# [Inkscape] Kontur unregelemäßig handgezeichnet machen



## Gast170816 (15. Mai 2013)

So, jetzt ne ne Kontur-Frage:

Wie kann man eine normale glatte Kontur etwas uneben machen, wie handgezeichnet.

Ich habe schon was probiert "Erweiterungen > Fraktalisieren", aber das ist nicht so ganz cool, das wird zu noch zu wellig und man kann nur bis zu nem bestimmten Punkt Glättung einstellen, mehr geht dann nicht.

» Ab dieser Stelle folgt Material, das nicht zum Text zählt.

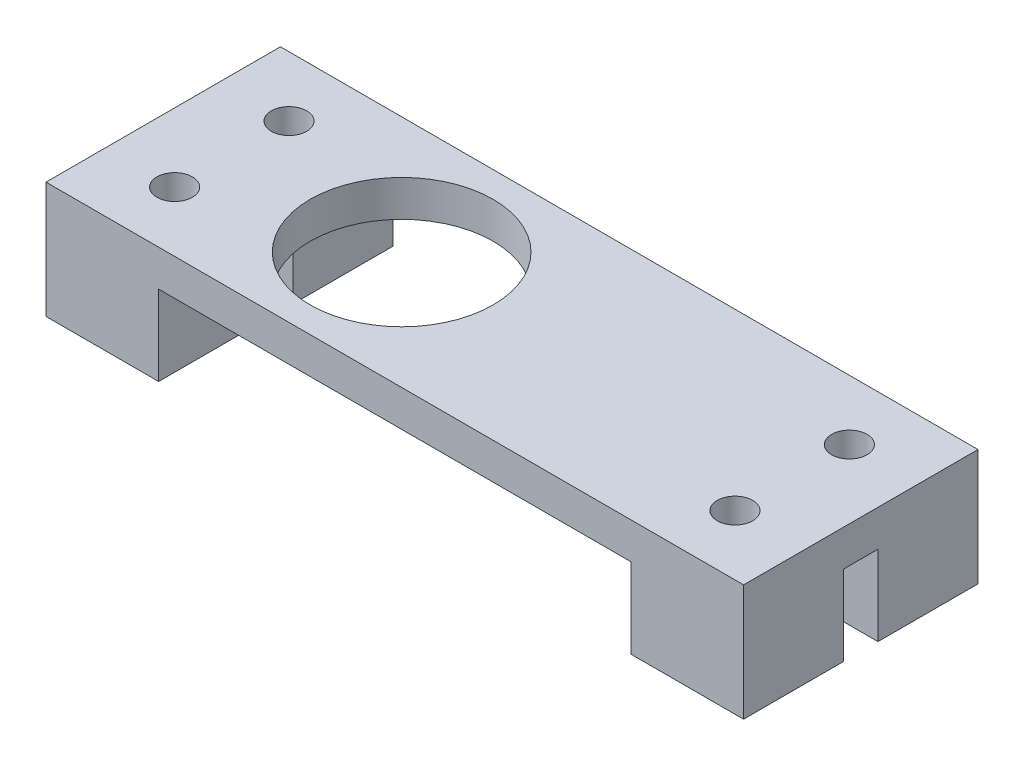
ISO-10303-21;
HEADER;
FILE_DESCRIPTION(('STEP AP214'),'2;1');
FILE_NAME('part.step','',(''),(''),'','','');
FILE_SCHEMA(('AUTOMOTIVE_DESIGN { 1 0 10303 214 1 1 1 1 }'));
ENDSEC;
DATA;
#1=APPLICATION_CONTEXT('core data for automotive mechanical design processes');
#2=APPLICATION_PROTOCOL_DEFINITION('international standard','automotive_design',2000,#1);
#3=PRODUCT_CONTEXT('',#1,'mechanical');
#4=PRODUCT('Part','Part','',(#3));
#5=PRODUCT_RELATED_PRODUCT_CATEGORY('part','',(#4));
#6=PRODUCT_DEFINITION_FORMATION('','',#4);
#7=PRODUCT_DEFINITION_CONTEXT('part definition',#1,'design');
#8=PRODUCT_DEFINITION('design','',#6,#7);
#9=PRODUCT_DEFINITION_SHAPE('','',#8);
#10=(LENGTH_UNIT() NAMED_UNIT(*) SI_UNIT(.MILLI.,.METRE.));
#11=(NAMED_UNIT(*) PLANE_ANGLE_UNIT() SI_UNIT($,.RADIAN.));
#12=(NAMED_UNIT(*) SI_UNIT($,.STERADIAN.) SOLID_ANGLE_UNIT());
#13=UNCERTAINTY_MEASURE_WITH_UNIT(LENGTH_MEASURE(1.E-05),#10,'distance_accuracy_value','');
#14=(GEOMETRIC_REPRESENTATION_CONTEXT(3) GLOBAL_UNCERTAINTY_ASSIGNED_CONTEXT((#13)) GLOBAL_UNIT_ASSIGNED_CONTEXT((#10,
#11,#12)) REPRESENTATION_CONTEXT('',''));
#15=CARTESIAN_POINT('',(0.,0.,0.));
#16=DIRECTION('',(0.,0.,1.));
#17=DIRECTION('',(1.,0.,0.));
#18=AXIS2_PLACEMENT_3D('',#15,#16,#17);
#19=CARTESIAN_POINT('',(0.,0.,0.));
#20=DIRECTION('',(0.,1.,0.));
#21=DIRECTION('',(0.,0.,1.));
#22=AXIS2_PLACEMENT_3D('',#19,#20,#21);
#23=PLANE('',#22);
#24=CARTESIAN_POINT('',(-9.65,0.,0.));
#25=DIRECTION('',(0.,1.,0.));
#26=DIRECTION('',(0.,0.,1.));
#27=AXIS2_PLACEMENT_3D('',#24,#25,#26);
#28=CIRCLE('',#27,8.);
#29=CARTESIAN_POINT('',(-9.65,0.,8.));
#30=VERTEX_POINT('',#29);
#31=EDGE_CURVE('E262',#30,#30,#28,.T.);
#32=ORIENTED_EDGE('',*,*,#31,.T.);
#33=EDGE_LOOP('',(#32));
#34=FACE_BOUND('',#33,.T.);
#35=DIRECTION('',(0.,0.,-1.));
#36=VECTOR('',#35,1.);
#37=CARTESIAN_POINT('',(20.65,0.,0.));
#38=LINE('',#37,#36);
#39=CARTESIAN_POINT('',(20.65,0.,-1.5));
#40=VERTEX_POINT('',#39);
#41=CARTESIAN_POINT('',(20.65,0.,-10.25));
#42=VERTEX_POINT('',#41);
#43=EDGE_CURVE('E52',#40,#42,#38,.T.);
#44=ORIENTED_EDGE('',*,*,#43,.F.);
#45=DIRECTION('',(1.,0.,0.));
#46=VECTOR('',#45,1.);
#47=CARTESIAN_POINT('',(0.,0.,-1.5));
#48=LINE('',#47,#46);
#49=CARTESIAN_POINT('',(30.5,0.,-1.5));
#50=VERTEX_POINT('',#49);
#51=EDGE_CURVE('E57',#40,#50,#48,.T.);
#52=ORIENTED_EDGE('',*,*,#51,.T.);
#53=DIRECTION('',(0.,0.,1.));
#54=VECTOR('',#53,1.);
#55=CARTESIAN_POINT('',(30.5,0.,0.));
#56=LINE('',#55,#54);
#57=CARTESIAN_POINT('',(30.5,0.,1.5));
#58=VERTEX_POINT('',#57);
#59=EDGE_CURVE('E293',#50,#58,#56,.T.);
#60=ORIENTED_EDGE('',*,*,#59,.T.);
#61=DIRECTION('',(1.,0.,0.));
#62=VECTOR('',#61,1.);
#63=CARTESIAN_POINT('',(0.,0.,1.5));
#64=LINE('',#63,#62);
#65=CARTESIAN_POINT('',(20.65,0.,1.5));
#66=VERTEX_POINT('',#65);
#67=EDGE_CURVE('E187',#66,#58,#64,.T.);
#68=ORIENTED_EDGE('',*,*,#67,.F.);
#69=DIRECTION('',(0.,0.,-1.));
#70=VECTOR('',#69,1.);
#71=CARTESIAN_POINT('',(20.65,0.,0.));
#72=LINE('',#71,#70);
#73=CARTESIAN_POINT('',(20.65,0.,10.25));
#74=VERTEX_POINT('',#73);
#75=EDGE_CURVE('E154',#74,#66,#72,.T.);
#76=ORIENTED_EDGE('',*,*,#75,.F.);
#77=DIRECTION('',(1.,0.,0.));
#78=VECTOR('',#77,1.);
#79=CARTESIAN_POINT('',(0.,0.,10.25));
#80=LINE('',#79,#78);
#81=CARTESIAN_POINT('',(-20.65,0.,10.25));
#82=VERTEX_POINT('',#81);
#83=EDGE_CURVE('E267',#82,#74,#80,.T.);
#84=ORIENTED_EDGE('',*,*,#83,.F.);
#85=DIRECTION('',(0.,0.,-1.));
#86=VECTOR('',#85,1.);
#87=CARTESIAN_POINT('',(-20.65,0.,0.));
#88=LINE('',#87,#86);
#89=CARTESIAN_POINT('',(-20.65,0.,1.5));
#90=VERTEX_POINT('',#89);
#91=EDGE_CURVE('E239',#82,#90,#88,.T.);
#92=ORIENTED_EDGE('',*,*,#91,.T.);
#93=DIRECTION('',(1.,0.,0.));
#94=VECTOR('',#93,1.);
#95=CARTESIAN_POINT('',(0.,0.,1.5));
#96=LINE('',#95,#94);
#97=CARTESIAN_POINT('',(-30.5,0.,1.5));
#98=VERTEX_POINT('',#97);
#99=EDGE_CURVE('E234',#98,#90,#96,.T.);
#100=ORIENTED_EDGE('',*,*,#99,.F.);
#101=DIRECTION('',(0.,0.,1.));
#102=VECTOR('',#101,1.);
#103=CARTESIAN_POINT('',(-30.5,0.,0.));
#104=LINE('',#103,#102);
#105=CARTESIAN_POINT('',(-30.5,0.,-1.5));
#106=VERTEX_POINT('',#105);
#107=EDGE_CURVE('E297',#106,#98,#104,.T.);
#108=ORIENTED_EDGE('',*,*,#107,.F.);
#109=DIRECTION('',(1.,0.,0.));
#110=VECTOR('',#109,1.);
#111=CARTESIAN_POINT('',(0.,0.,-1.5));
#112=LINE('',#111,#110);
#113=CARTESIAN_POINT('',(-20.65,0.,-1.5));
#114=VERTEX_POINT('',#113);
#115=EDGE_CURVE('E208',#106,#114,#112,.T.);
#116=ORIENTED_EDGE('',*,*,#115,.T.);
#117=DIRECTION('',(0.,0.,-1.));
#118=VECTOR('',#117,1.);
#119=CARTESIAN_POINT('',(-20.65,0.,0.));
#120=LINE('',#119,#118);
#121=CARTESIAN_POINT('',(-20.65,0.,-10.25));
#122=VERTEX_POINT('',#121);
#123=EDGE_CURVE('E213',#114,#122,#120,.T.);
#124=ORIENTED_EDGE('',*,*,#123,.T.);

Gibt's für dieses Ziel noch ne andere Vorgehensweise? Im Menü "Füllung und Kontur" kann man ja leider außer verschiedene Konturmuster nix in die Richtung einstellen.


----------



## Gast170816 (27. Mai 2013)

Nochmal ich... 

Anders gefragt: Kann man diesen wackeligen handgezeichneten Effekt, den es bei dem Tool "Kalligrafisch Zeichnen" gibt auch irgend beim "Bezier-Kurven"/Pfad-Tool einstellen?

Oder alternativ: Kann man bei "Kalligrafisch Zeichnen" auch ganz gerade Striche machen? So geht nämlich erstmal nur bloßes Freihand zeichnen.


----------